Tighter controls on discounting and reducing its department store inventory has allowed Ralph Lauren to record better-than-expected quarterly results under new chief executive Patrice Louvet.
Shares at the luxury fashion retailer rose by as much as 11 per cent to $87 (£67) today, which allowed the company to claw back a large chunk of its losses for the year.
Net income for Ralph Lauren’s first fiscal quarter ending July 1 totaled $59.5 million (£45.8 million), compared to a loss of $22.3 million (£17.1 million) during the same period last year.
However, revenue totaled $1.35 billion (£1.04 billion), down from $1.55 billion (£1.19 billion) but still better than predictions from stock market experts.
Same-store sales also fell seven per cent for the quarter, but this was also better than predictions of an 8.6 per cent decline.
Ralph Lauren said the revenue decline was driven by fewer price cuts and promotions, brand eliminations, less consumer demand, and pulling back 31 per cent of inventory from department stores.
The company plans to pull back more inventory from 20 to 25 per cent of US department stores during the second half of the year, meaning its upcoming trading updates will also have further declines in revenue.
Louvet, who took over the helm May, is looking to build on the initiatives put in place by his predecessor Stefan Larsson.

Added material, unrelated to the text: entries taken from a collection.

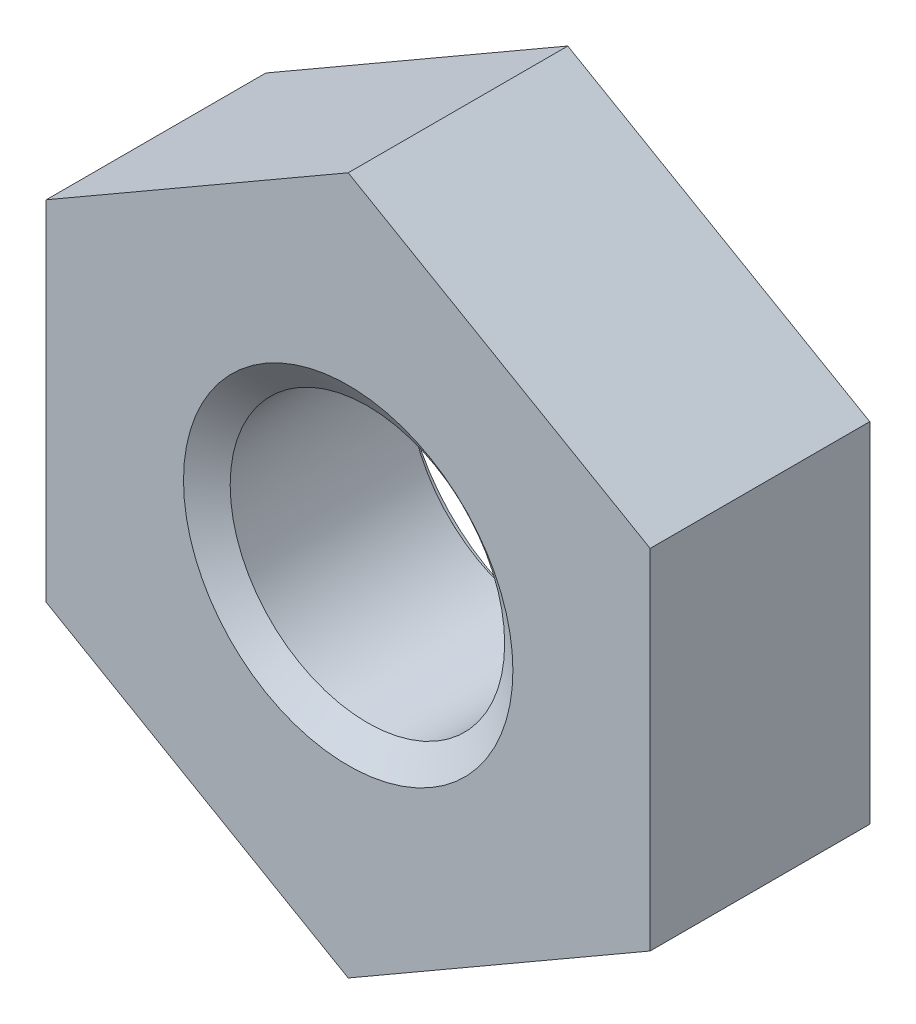
ISO-10303-21;
HEADER;
FILE_DESCRIPTION(('STEP AP214'),'2;1');
FILE_NAME('part.step','',(''),(''),'','','');
FILE_SCHEMA(('AUTOMOTIVE_DESIGN { 1 0 10303 214 1 1 1 1 }'));
ENDSEC;
DATA;
#1=APPLICATION_CONTEXT('core data for automotive mechanical design processes');
#2=APPLICATION_PROTOCOL_DEFINITION('international standard','automotive_design',2000,#1);
#3=PRODUCT_CONTEXT('',#1,'mechanical');
#4=PRODUCT('Part','Part','',(#3));
#5=PRODUCT_RELATED_PRODUCT_CATEGORY('part','',(#4));
#6=PRODUCT_DEFINITION_FORMATION('','',#4);
#7=PRODUCT_DEFINITION_CONTEXT('part definition',#1,'design');
#8=PRODUCT_DEFINITION('design','',#6,#7);
#9=PRODUCT_DEFINITION_SHAPE('','',#8);
#10=(LENGTH_UNIT() NAMED_UNIT(*) SI_UNIT(.MILLI.,.METRE.));
#11=(NAMED_UNIT(*) PLANE_ANGLE_UNIT() SI_UNIT($,.RADIAN.));
#12=(NAMED_UNIT(*) SI_UNIT($,.STERADIAN.) SOLID_ANGLE_UNIT());
#13=UNCERTAINTY_MEASURE_WITH_UNIT(LENGTH_MEASURE(1.E-05),#10,'distance_accuracy_value','');
#14=(GEOMETRIC_REPRESENTATION_CONTEXT(3) GLOBAL_UNCERTAINTY_ASSIGNED_CONTEXT((#13)) GLOBAL_UNIT_ASSIGNED_CONTEXT((#10,
#11,#12)) REPRESENTATION_CONTEXT('',''));
#15=CARTESIAN_POINT('',(0.,0.,0.));
#16=DIRECTION('',(0.,0.,1.));
#17=DIRECTION('',(1.,0.,0.));
#18=AXIS2_PLACEMENT_3D('',#15,#16,#17);
#19=CARTESIAN_POINT('',(0.,0.,-2.));
#20=DIRECTION('',(0.,0.,1.));
#21=DIRECTION('',(1.,0.,0.));
#22=AXIS2_PLACEMENT_3D('',#19,#20,#21);
#23=CYLINDRICAL_SURFACE('',#22,1.25);
#24=CARTESIAN_POINT('',(0.,0.,-0.175051884552429));
#25=DIRECTION('',(0.,0.,1.));
#26=DIRECTION('',(1.,0.,0.));
#27=AXIS2_PLACEMENT_3D('',#24,#25,#26);
#28=CIRCLE('',#27,1.25);
#29=CARTESIAN_POINT('',(1.25,0.,-0.175051884552429));
#30=VERTEX_POINT('',#29);
#31=EDGE_CURVE('E128',#30,#30,#28,.F.);
#32=ORIENTED_EDGE('',*,*,#31,.F.);
#33=EDGE_LOOP('',(#32));
#34=FACE_BOUND('',#33,.T.);
#35=CARTESIAN_POINT('',(0.,0.,-1.79954811544757));
#36=DIRECTION('',(0.,0.,-1.));
#37=DIRECTION('',(-1.,0.,0.));
#38=AXIS2_PLACEMENT_3D('',#35,#36,#37);
#39=CIRCLE('',#38,1.25);
#40=CARTESIAN_POINT('',(-1.25,0.,-1.79954811544757));
#41=VERTEX_POINT('',#40);
#42=EDGE_CURVE('E41',#41,#41,#39,.F.);
#43=ORIENTED_EDGE('',*,*,#42,.F.);
#44=EDGE_LOOP('',(#43));
#45=FACE_BOUND('',#44,.T.);
#46=ADVANCED_FACE('F37',(#34,#45),#23,.F.);
#47=CARTESIAN_POINT('',(0.,3.17542648054294,-2.));
#48=DIRECTION('',(-0.500000000000001,0.866025403784438,0.));
#49=DIRECTION('',(-0.866025403784438,-0.500000000000001,0.));
#50=AXIS2_PLACEMENT_3D('',#47,#48,#49);
#51=PLANE('',#50);
#52=DIRECTION('',(-0.866025403784438,-0.500000000000001,0.));
#53=VECTOR('',#52,1.);
#54=CARTESIAN_POINT('',(0.,3.17542648054294,0.));
#55=LINE('',#54,#53);
#56=CARTESIAN_POINT('',(0.,3.17542648054294,0.));
#57=VERTEX_POINT('',#56);
#58=CARTESIAN_POINT('',(-2.75,1.58771324027147,0.));
#59=VERTEX_POINT('',#58);
#60=EDGE_CURVE('E124',#57,#59,#55,.T.);
#61=ORIENTED_EDGE('',*,*,#60,.F.);
#62=DIRECTION('',(0.,0.,1.));
#63=VECTOR('',#62,1.);
#64=CARTESIAN_POINT('',(0.,3.17542648054294,-2.));
#65=LINE('',#64,#63);
#66=CARTESIAN_POINT('',(0.,3.17542648054294,-2.));
#67=VERTEX_POINT('',#66);
#68=EDGE_CURVE('E11',#67,#57,#65,.T.);
#69=ORIENTED_EDGE('',*,*,#68,.F.);
#70=DIRECTION('',(-0.866025403784438,-0.500000000000001,0.));
#71=VECTOR('',#70,1.);
#72=CARTESIAN_POINT('',(0.,3.17542648054294,-2.));
#73=LINE('',#72,#71);
#74=CARTESIAN_POINT('',(-2.75,1.58771324027147,-2.));
#75=VERTEX_POINT('',#74);
#76=EDGE_CURVE('E139',#67,#75,#73,.T.);
#77=ORIENTED_EDGE('',*,*,#76,.T.);
#78=DIRECTION('',(0.,0.,1.));
#79=VECTOR('',#78,1.);
#80=CARTESIAN_POINT('',(-2.75,1.58771324027147,-2.));
#81=LINE('',#80,#79);
#82=EDGE_CURVE('E88',#75,#59,#81,.T.);
#83=ORIENTED_EDGE('',*,*,#82,.T.);
#84=EDGE_LOOP('',(#61,#69,#77,#83));
#85=FACE_BOUND('',#84,.T.);
#86=ADVANCED_FACE('F39',(#85),#51,.T.);
#87=CARTESIAN_POINT('',(2.75,1.58771324027147,-2.));
#88=DIRECTION('',(0.5,0.866025403784438,0.));
#89=DIRECTION('',(-0.866025403784438,0.5,0.));
#90=AXIS2_PLACEMENT_3D('',#87,#88,#89);
#91=PLANE('',#90);
#92=DIRECTION('',(-0.866025403784438,0.5,0.));
#93=VECTOR('',#92,1.);
#94=CARTESIAN_POINT('',(2.75,1.58771324027147,0.));
#95=LINE('',#94,#93);
#96=CARTESIAN_POINT('',(2.75,1.58771324027147,0.));
#97=VERTEX_POINT('',#96);
#98=EDGE_CURVE('E137',#97,#57,#95,.T.);
#99=ORIENTED_EDGE('',*,*,#98,.F.);
#100=DIRECTION('',(0.,0.,1.));
#101=VECTOR('',#100,1.);
#102=CARTESIAN_POINT('',(2.75,1.58771324027147,-2.));
#103=LINE('',#102,#101);
#104=CARTESIAN_POINT('',(2.75,1.58771324027147,-2.));
#105=VERTEX_POINT('',#104);
#106=EDGE_CURVE('E47',#105,#97,#103,.T.);
#107=ORIENTED_EDGE('',*,*,#106,.F.);
#108=DIRECTION('',(-0.866025403784438,0.5,0.));
#109=VECTOR('',#108,1.);
#110=CARTESIAN_POINT('',(2.75,1.58771324027147,-2.));
#111=LINE('',#110,#109);
#112=EDGE_CURVE('E106',#105,#67,#111,.T.);
#113=ORIENTED_EDGE('',*,*,#112,.T.);
#114=ORIENTED_EDGE('',*,*,#68,.T.);
#115=EDGE_LOOP('',(#99,#107,#113,#114));
#116=FACE_BOUND('',#115,.T.);
#117=ADVANCED_FACE('F165',(#116),#91,.T.);
#118=CARTESIAN_POINT('',(2.75,1.58771324027147,-2.));
#119=DIRECTION('',(-1.,0.,0.));
#120=DIRECTION('',(0.,0.,1.));
#121=AXIS2_PLACEMENT_3D('',#118,#119,#120);
#122=PLANE('',#121);
#123=DIRECTION('',(0.,-1.,0.));
#124=VECTOR('',#123,1.);
#125=CARTESIAN_POINT('',(2.75,1.58771324027147,0.));
#126=LINE('',#125,#124);
#127=CARTESIAN_POINT('',(2.75,-1.58771324027147,0.));
#128=VERTEX_POINT('',#127);
#129=EDGE_CURVE('E110',#97,#128,#126,.T.);
#130=ORIENTED_EDGE('',*,*,#129,.T.);
#131=DIRECTION('',(0.,0.,1.));
#132=VECTOR('',#131,1.);
#133=CARTESIAN_POINT('',(2.75,-1.58771324027147,-2.));
#134=LINE('',#133,#132);
#135=CARTESIAN_POINT('',(2.75,-1.58771324027147,-2.));
#136=VERTEX_POINT('',#135);
#137=EDGE_CURVE('E108',#136,#128,#134,.T.);
#138=ORIENTED_EDGE('',*,*,#137,.F.);
#139=DIRECTION('',(0.,-1.,0.));
#140=VECTOR('',#139,1.);
#141=CARTESIAN_POINT('',(2.75,1.58771324027147,-2.));
#142=LINE('',#141,#140);
#143=EDGE_CURVE('E99',#105,#136,#142,.T.);
#144=ORIENTED_EDGE('',*,*,#143,.F.);
#145=ORIENTED_EDGE('',*,*,#106,.T.);
#146=EDGE_LOOP('',(#130,#138,#144,#145));
#147=FACE_BOUND('',#146,.T.);
#148=ADVANCED_FACE('F109',(#147),#122,.F.);
#149=CARTESIAN_POINT('',(0.,-3.17542648054295,-2.));
#150=DIRECTION('',(0.500000000000001,-0.866025403784438,0.));
#151=DIRECTION('',(0.866025403784438,0.500000000000001,0.));
#152=AXIS2_PLACEMENT_3D('',#149,#150,#151);
#153=PLANE('',#152);
#154=DIRECTION('',(0.866025403784438,0.500000000000001,0.));
#155=VECTOR('',#154,1.);
#156=CARTESIAN_POINT('',(0.,-3.17542648054295,0.));
#157=LINE('',#156,#155);
#158=CARTESIAN_POINT('',(0.,-3.17542648054295,0.));
#159=VERTEX_POINT('',#158);
#160=EDGE_CURVE('E134',#159,#128,#157,.T.);
#161=ORIENTED_EDGE('',*,*,#160,.F.);
#162=DIRECTION('',(0.,0.,1.));
#163=VECTOR('',#162,1.);
#164=CARTESIAN_POINT('',(0.,-3.17542648054295,-2.));
#165=LINE('',#164,#163);
#166=CARTESIAN_POINT('',(0.,-3.17542648054295,-2.));
#167=VERTEX_POINT('',#166);
#168=EDGE_CURVE('E114',#167,#159,#165,.T.);
#169=ORIENTED_EDGE('',*,*,#168,.F.);
#170=DIRECTION('',(0.866025403784438,0.500000000000001,0.));
#171=VECTOR('',#170,1.);
#172=CARTESIAN_POINT('',(0.,-3.17542648054295,-2.));
#173=LINE('',#172,#171);
#174=EDGE_CURVE('E104',#167,#136,#173,.T.);
#175=ORIENTED_EDGE('',*,*,#174,.T.);
#176=ORIENTED_EDGE('',*,*,#137,.T.);
#177=EDGE_LOOP('',(#161,#169,#175,#176));
#178=FACE_BOUND('',#177,.T.);
#179=ADVANCED_FACE('F116',(#178),#153,.T.);
#180=CARTESIAN_POINT('',(-2.75,-1.58771324027147,-2.));
#181=DIRECTION('',(-0.5,-0.866025403784439,0.));
#182=DIRECTION('',(0.866025403784438,-0.5,0.));
#183=AXIS2_PLACEMENT_3D('',#180,#181,#182);
#184=PLANE('',#183);
#185=DIRECTION('',(0.866025403784438,-0.5,0.));
#186=VECTOR('',#185,1.);
#187=CARTESIAN_POINT('',(-2.75,-1.58771324027147,0.));
#188=LINE('',#187,#186);
#189=CARTESIAN_POINT('',(-2.75,-1.58771324027147,0.));
#190=VERTEX_POINT('',#189);
#191=EDGE_CURVE('E131',#190,#159,#188,.T.);
#192=ORIENTED_EDGE('',*,*,#191,.F.);
#193=DIRECTION('',(0.,0.,1.));
#194=VECTOR('',#193,1.);
#195=CARTESIAN_POINT('',(-2.75,-1.58771324027147,-2.));
#196=LINE('',#195,#194);
#197=CARTESIAN_POINT('',(-2.75,-1.58771324027147,-2.));
#198=VERTEX_POINT('',#197);
#199=EDGE_CURVE('E143',#198,#190,#196,.T.);
#200=ORIENTED_EDGE('',*,*,#199,.F.);
#201=DIRECTION('',(0.866025403784438,-0.5,0.));
#202=VECTOR('',#201,1.);
#203=CARTESIAN_POINT('',(-2.75,-1.58771324027147,-2.));
#204=LINE('',#203,#202);
#205=EDGE_CURVE('E117',#198,#167,#204,.T.);
#206=ORIENTED_EDGE('',*,*,#205,.T.);
#207=ORIENTED_EDGE('',*,*,#168,.T.);
#208=EDGE_LOOP('',(#192,#200,#206,#207));
#209=FACE_BOUND('',#208,.T.);
#210=ADVANCED_FACE('F242',(#209),#184,.T.);
#211=CARTESIAN_POINT('',(-2.75,1.58771324027147,-2.));
#212=DIRECTION('',(-1.,0.,0.));
#213=DIRECTION('',(0.,0.,1.));
#214=AXIS2_PLACEMENT_3D('',#211,#212,#213);
#215=PLANE('',#214);
#216=DIRECTION('',(0.,-1.,0.));
#217=VECTOR('',#216,1.);
#218=CARTESIAN_POINT('',(-2.75,1.58771324027147,0.));
#219=LINE('',#218,#217);
#220=EDGE_CURVE('E127',#59,#190,#219,.T.);
#221=ORIENTED_EDGE('',*,*,#220,.F.);
#222=ORIENTED_EDGE('',*,*,#82,.F.);
#223=DIRECTION('',(0.,-1.,0.));
#224=VECTOR('',#223,1.);
#225=CARTESIAN_POINT('',(-2.75,1.58771324027147,-2.));
#226=LINE('',#225,#224);
#227=EDGE_CURVE('E119',#75,#198,#226,.T.);
#228=ORIENTED_EDGE('',*,*,#227,.T.);
#229=ORIENTED_EDGE('',*,*,#199,.T.);
#230=EDGE_LOOP('',(#221,#222,#228,#229));
#231=FACE_BOUND('',#230,.T.);
#232=ADVANCED_FACE('F161',(#231),#215,.T.);
#233=CARTESIAN_POINT('',(0.,3.17542648054294,-2.));
#234=DIRECTION('',(0.,0.,-1.));
#235=DIRECTION('',(-1.,0.,0.));
#236=AXIS2_PLACEMENT_3D('',#233,#234,#235);
#237=PLANE('',#236);
#238=CARTESIAN_POINT('',(0.,0.,-2.));
#239=DIRECTION('',(0.,0.,-1.));
#240=DIRECTION('',(-1.,0.,0.));
#241=AXIS2_PLACEMENT_3D('',#238,#239,#240);
#242=CIRCLE('',#241,1.5);
#243=CARTESIAN_POINT('',(-1.5,0.,-2.));
#244=VERTEX_POINT('',#243);
#245=EDGE_CURVE('E148',#244,#244,#242,.F.);
#246=ORIENTED_EDGE('',*,*,#245,.T.);
#247=EDGE_LOOP('',(#246));
#248=FACE_BOUND('',#247,.T.);
#249=ORIENTED_EDGE('',*,*,#76,.F.);
#250=ORIENTED_EDGE('',*,*,#112,.F.);
#251=ORIENTED_EDGE('',*,*,#143,.T.);
#252=ORIENTED_EDGE('',*,*,#174,.F.);
#253=ORIENTED_EDGE('',*,*,#205,.F.);
#254=ORIENTED_EDGE('',*,*,#227,.F.);
#255=EDGE_LOOP('',(#249,#250,#251,#252,#253,#254));
#256=FACE_BOUND('',#255,.T.);
#257=ADVANCED_FACE('F101',(#248,#256),#237,.T.);
#258=CARTESIAN_POINT('',(0.,3.17542648054294,0.));
#259=DIRECTION('',(0.,0.,-1.));
#260=DIRECTION('',(-1.,0.,0.));
#261=AXIS2_PLACEMENT_3D('',#258,#259,#260);
#262=PLANE('',#261);
#263=CARTESIAN_POINT('',(0.,0.,0.));
#264=DIRECTION('',(0.,0.,1.));
#265=DIRECTION('',(1.,0.,0.));
#266=AXIS2_PLACEMENT_3D('',#263,#264,#265);
#267=CIRCLE('',#266,1.5);
#268=CARTESIAN_POINT('',(1.5,0.,0.));
#269=VERTEX_POINT('',#268);
#270=EDGE_CURVE('E147',#269,#269,#267,.T.);
#271=ORIENTED_EDGE('',*,*,#270,.F.);
#272=EDGE_LOOP('',(#271));
#273=FACE_BOUND('',#272,.T.);
#274=ORIENTED_EDGE('',*,*,#60,.T.);
#275=ORIENTED_EDGE('',*,*,#220,.T.);
#276=ORIENTED_EDGE('',*,*,#191,.T.);
#277=ORIENTED_EDGE('',*,*,#160,.T.);
#278=ORIENTED_EDGE('',*,*,#129,.F.);
#279=ORIENTED_EDGE('',*,*,#98,.T.);
#280=EDGE_LOOP('',(#274,#275,#276,#277,#278,#279));
#281=FACE_BOUND('',#280,.T.);
#282=ADVANCED_FACE('F164',(#273,#281),#262,.F.);
#283=CARTESIAN_POINT('',(0.,0.,-0.192557073007672));
#284=DIRECTION('',(0.,0.,1.));
#285=DIRECTION('',(1.,0.,0.));
#286=AXIS2_PLACEMENT_3D('',#283,#284,#285);
#287=CONICAL_SURFACE('',#286,1.225,0.959931088596877);
#288=ORIENTED_EDGE('',*,*,#270,.T.);
#289=EDGE_LOOP('',(#288));
#290=FACE_BOUND('',#289,.T.);
#291=ORIENTED_EDGE('',*,*,#31,.T.);
#292=EDGE_LOOP('',(#291));
#293=FACE_BOUND('',#292,.T.);
#294=ADVANCED_FACE('F183',(#290,#293),#287,.F.);
#295=CARTESIAN_POINT('',(0.,0.,-1.9746));
#296=DIRECTION('',(0.,0.,-1.));
#297=DIRECTION('',(-1.,0.,0.));
#298=AXIS2_PLACEMENT_3D('',#295,#296,#297);
#299=CONICAL_SURFACE('',#298,1.5,0.959931088596876);
#300=CARTESIAN_POINT('',(0.,0.,-1.9746));
#301=DIRECTION('',(0.,0.,1.));
#302=DIRECTION('',(1.,0.,0.));
#303=AXIS2_PLACEMENT_3D('',#300,#301,#302);
#304=CIRCLE('',#303,1.5);
#305=CARTESIAN_POINT('',(1.5,0.,-1.9746));
#306=VERTEX_POINT('',#305);
#307=EDGE_CURVE('E150',#306,#306,#304,.T.);
#308=ORIENTED_EDGE('',*,*,#307,.F.);
#309=EDGE_LOOP('',(#308));
#310=FACE_BOUND('',#309,.T.);
#311=ORIENTED_EDGE('',*,*,#42,.T.);
#312=EDGE_LOOP('',(#311));
#313=FACE_BOUND('',#312,.T.);
#314=ADVANCED_FACE('F191',(#310,#313),#299,.F.);
#315=CARTESIAN_POINT('',(0.,0.,-25.0375057290932));
#316=DIRECTION('',(0.,0.,1.));
#317=DIRECTION('',(1.,0.,0.));
#318=AXIS2_PLACEMENT_3D('',#315,#316,#317);
#319=CYLINDRICAL_SURFACE('',#318,1.5);
#320=ORIENTED_EDGE('',*,*,#245,.F.);
#321=EDGE_LOOP('',(#320));
#322=FACE_BOUND('',#321,.T.);
#323=ORIENTED_EDGE('',*,*,#307,.T.);
#324=EDGE_LOOP('',(#323));
#325=FACE_BOUND('',#324,.T.);
#326=ADVANCED_FACE('F198',(#322,#325),#319,.F.);
#327=CLOSED_SHELL('',(#46,#86,#117,#148,#179,#210,#232,#257,#282,#294,#314,#326));
#328=MANIFOLD_SOLID_BREP('B2',#327);
#329=ADVANCED_BREP_SHAPE_REPRESENTATION('',(#18,#328),#14);
#330=SHAPE_DEFINITION_REPRESENTATION(#9,#329);
ENDSEC;
END-ISO-10303-21;

“We are looking at these three buckets: our own sites, our wholesale.com and pure plays,” Reuters reported as Louvet saying in a post-earnings call.
Louvet added that Ralph Lauren was also actively looking to partner with the right online-only retailers.
“While we are addressing challenges in our business, we have significant opportunity ahead and we‘re moving forward with urgency,” he said in press statement.
“We are continuing to build a strong foundation for future growth, as evidenced by our progress this quarter on the key elements of the Way Forward plan.”